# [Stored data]
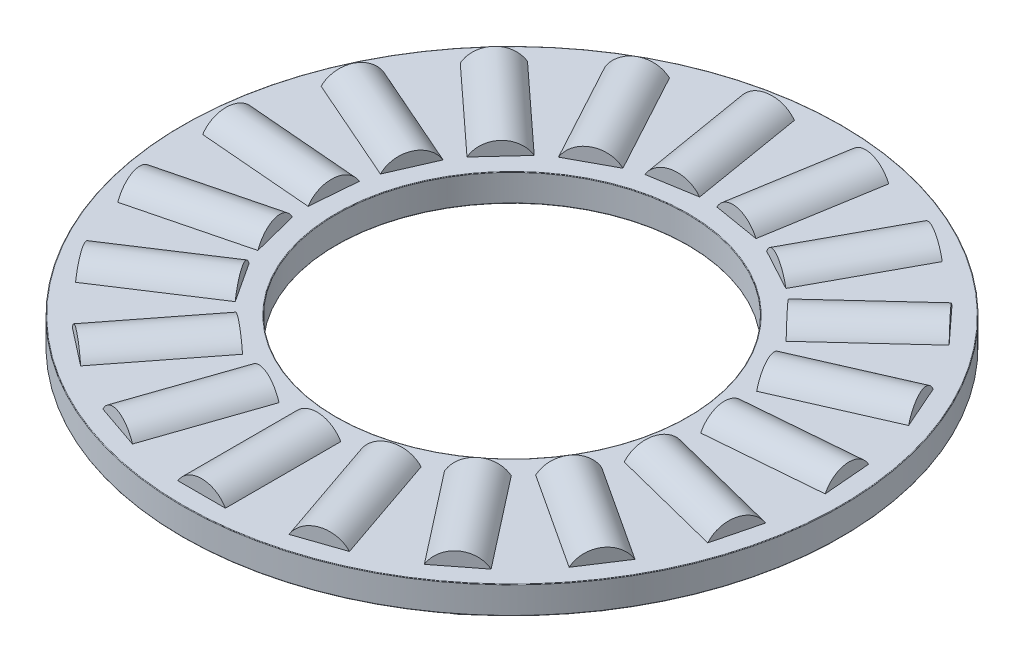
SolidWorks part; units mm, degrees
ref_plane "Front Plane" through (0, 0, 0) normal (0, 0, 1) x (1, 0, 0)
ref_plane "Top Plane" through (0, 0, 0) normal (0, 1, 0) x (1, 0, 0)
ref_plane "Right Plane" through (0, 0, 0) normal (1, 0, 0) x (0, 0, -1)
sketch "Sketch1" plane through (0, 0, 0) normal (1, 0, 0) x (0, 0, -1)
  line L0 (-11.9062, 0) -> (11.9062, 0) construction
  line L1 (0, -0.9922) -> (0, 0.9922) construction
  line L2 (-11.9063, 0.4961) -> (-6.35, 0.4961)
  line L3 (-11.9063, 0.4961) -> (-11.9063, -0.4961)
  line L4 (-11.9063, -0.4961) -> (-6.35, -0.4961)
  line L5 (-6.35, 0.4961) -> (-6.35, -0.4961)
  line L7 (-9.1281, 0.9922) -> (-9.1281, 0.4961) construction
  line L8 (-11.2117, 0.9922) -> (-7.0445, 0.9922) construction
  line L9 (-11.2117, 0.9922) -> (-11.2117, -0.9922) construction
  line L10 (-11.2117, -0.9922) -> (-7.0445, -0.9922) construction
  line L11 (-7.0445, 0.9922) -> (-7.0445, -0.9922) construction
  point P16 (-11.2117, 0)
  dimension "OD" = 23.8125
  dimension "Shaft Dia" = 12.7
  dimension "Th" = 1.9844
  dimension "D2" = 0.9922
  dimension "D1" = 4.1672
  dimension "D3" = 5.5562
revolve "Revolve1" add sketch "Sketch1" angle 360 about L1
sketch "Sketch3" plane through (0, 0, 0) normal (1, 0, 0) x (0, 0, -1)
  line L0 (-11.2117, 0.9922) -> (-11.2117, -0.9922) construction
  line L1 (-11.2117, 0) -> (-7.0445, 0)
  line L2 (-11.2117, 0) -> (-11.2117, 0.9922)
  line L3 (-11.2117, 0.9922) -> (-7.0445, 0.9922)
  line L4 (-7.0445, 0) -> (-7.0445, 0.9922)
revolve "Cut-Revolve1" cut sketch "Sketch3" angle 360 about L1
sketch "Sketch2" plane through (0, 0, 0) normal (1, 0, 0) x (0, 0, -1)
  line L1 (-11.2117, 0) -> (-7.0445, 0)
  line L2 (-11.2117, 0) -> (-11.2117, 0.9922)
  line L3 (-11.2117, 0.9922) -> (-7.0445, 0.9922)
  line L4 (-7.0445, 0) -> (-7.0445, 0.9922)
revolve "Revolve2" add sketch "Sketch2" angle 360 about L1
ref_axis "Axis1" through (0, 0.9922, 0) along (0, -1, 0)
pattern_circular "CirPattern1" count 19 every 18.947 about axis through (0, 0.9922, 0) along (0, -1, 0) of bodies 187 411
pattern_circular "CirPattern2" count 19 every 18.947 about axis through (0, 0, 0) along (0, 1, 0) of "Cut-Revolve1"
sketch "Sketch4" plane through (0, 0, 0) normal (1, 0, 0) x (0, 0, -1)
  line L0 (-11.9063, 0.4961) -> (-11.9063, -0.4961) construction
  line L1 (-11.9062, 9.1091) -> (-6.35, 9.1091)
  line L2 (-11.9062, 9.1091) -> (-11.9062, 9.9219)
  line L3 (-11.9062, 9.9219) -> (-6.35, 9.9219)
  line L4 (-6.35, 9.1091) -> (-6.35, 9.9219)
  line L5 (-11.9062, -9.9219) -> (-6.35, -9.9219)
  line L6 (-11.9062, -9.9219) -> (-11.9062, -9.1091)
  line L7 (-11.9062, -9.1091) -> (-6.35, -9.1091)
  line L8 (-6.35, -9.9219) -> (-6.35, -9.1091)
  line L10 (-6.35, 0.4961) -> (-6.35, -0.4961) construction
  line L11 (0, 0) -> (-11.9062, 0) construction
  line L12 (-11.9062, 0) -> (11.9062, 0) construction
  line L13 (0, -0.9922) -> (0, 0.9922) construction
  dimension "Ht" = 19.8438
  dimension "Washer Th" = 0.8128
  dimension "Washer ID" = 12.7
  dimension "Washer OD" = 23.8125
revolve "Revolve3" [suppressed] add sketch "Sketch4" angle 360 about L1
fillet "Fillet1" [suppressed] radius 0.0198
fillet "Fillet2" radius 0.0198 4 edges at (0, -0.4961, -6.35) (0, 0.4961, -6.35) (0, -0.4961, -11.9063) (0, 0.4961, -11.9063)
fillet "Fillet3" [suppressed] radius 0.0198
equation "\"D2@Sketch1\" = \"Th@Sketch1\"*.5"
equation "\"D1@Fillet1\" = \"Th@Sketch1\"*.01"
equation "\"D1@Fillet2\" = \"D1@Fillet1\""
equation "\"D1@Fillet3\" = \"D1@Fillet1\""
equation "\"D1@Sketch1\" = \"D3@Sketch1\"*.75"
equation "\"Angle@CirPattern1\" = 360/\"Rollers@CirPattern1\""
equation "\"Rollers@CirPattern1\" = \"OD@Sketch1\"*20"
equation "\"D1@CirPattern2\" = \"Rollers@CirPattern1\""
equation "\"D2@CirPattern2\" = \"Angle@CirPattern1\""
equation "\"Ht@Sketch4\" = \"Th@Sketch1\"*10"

# [WORK ORDER]
Look through the entries above; copy every line holding the string "radius".

# [RESPONSE TO THE TASK]
fillet "Fillet1" [suppressed] radius 0.0198
fillet "Fillet2" radius 0.0198 4 edges at (0, -0.4961, -6.35) (0, 0.4961, -6.35) (0, -0.4961, -11.9063) (0, 0.4961, -11.9063)
fillet "Fillet3" [suppressed] radius 0.0198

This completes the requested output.